I think it might also say something about the pyramid theory - that there are only a very, very few truly elite players capable of playing at the full international level. Slightly more are capable of playing at the U23 level. Slightly more at the U17 level.

A certain number are MLS quality. Slightly more are A-League quality. More are PSL quality. And so on. Down to our rec league, where there's no quality. :)

mpruitt
29 Aug 2003, 12:44 AM
To add to my point before. I think I'm going to test out some of the matchtrackers sometime soon and compare them to a taped game just for curiousity sake to see how acurate they are. Obviously in baseball a good matchtracker could be almost perfect, because they're obviously discrete events, but I'm just curious to see how acurate these online tracking devises actually track the game. Having some rough idea could be an interesting key to doing statistical analysis.

voros
29 Aug 2003, 11:37 AM
Originally posted by maxim-1
Don't nessicarily knock that because the point wouldn't be to say, oh look how stupid this guy is using statistics to do something stupid. The point would be to say, "was he right?" Let's find some numbers to either back this guy up or find out if he's wrong. If he's right, then why's he right? What could be the reasons, and is that statistically important or just a nature of the game?

Exactly. When I first heard about this, I didn't say, "WOW! Genius." I began asking:

1. What were the percentage of possessions that contained X number of passes. For example, he might have found that 80% of goals were scored off of less than 4 passes. Of course if 90% of possessions were less than 4 passes, that would tell us the _opposite_ of the conclusion he drew. Mainly that stringing together 4 passes or more made you _more_ likely to score, not less. IOW, if 40% of the traffic fatalities in this country involved drunk drivers, that would mean that more fatal accidents occur with only sober drivers than with drunk drivers. Does that mean driving sober is more dangerous than driving drunk? Of course not.

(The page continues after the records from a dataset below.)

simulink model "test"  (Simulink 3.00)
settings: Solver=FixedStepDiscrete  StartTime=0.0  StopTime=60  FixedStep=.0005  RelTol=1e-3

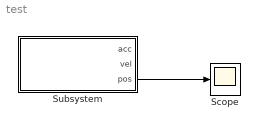
== system test ==
  Scope : Scope
      settings: TimeRange=60  YMin=2.5  YMax=30  SaveToWorkspace=off  SaveName=ScopeData
  Subsystem : Subsystem
      settings: OpenFcn=r3g_main
      mask Type: Ref3
      mask Display: disp('Ref3');
  wires:
  Subsystem/3(pos) -> Scope/1

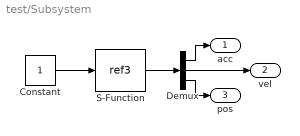
== system test/Subsystem ==
  Constant : Constant  Value=1
  Demux : Demux  Outputs=3
  S-Function : S-Function  FunctionName=ref3  Parameters=ref_part  PortCounts=[]  SFunctionModules=''
      settings: OpenFcn=global ref_part; r3g_main
  acc : Outport  Port=1
  vel : Outport  Port=2
  pos : Outport  Port=3
  wires:
  Constant/1 -> S-Function/1
  S-Function/1 -> Demux/1
  Demux/1 -> acc/1
  Demux/2 -> vel/1
  Demux/3 -> pos/1

2. Why the number 4. What is the special significance of drawing the line at 4 passes? If he went through the numbers and then looked and drew the line at 4 because that's where it crossed the 50% mark, he would need to go back and verify this infor with an independent set of data. You want to avoid the multiple endpoints problem.

3. Clearly a certain amount of game theory is applicable here. If you drastically change the way the game is played, you cannot necessarily conclude that you'll get similar results to your data set played under different conditions.

4. Goal _scoring_ is only half the equation. Even if a strategy involving relatively few passes per possession did score a few more goals, it would be unhelpful if the same strategy also resulted in your conceding just as many or more goals.

See the statistic doesn't mean much in and of itself, until you cover everything it _could_ mean other than the conclusion you favor.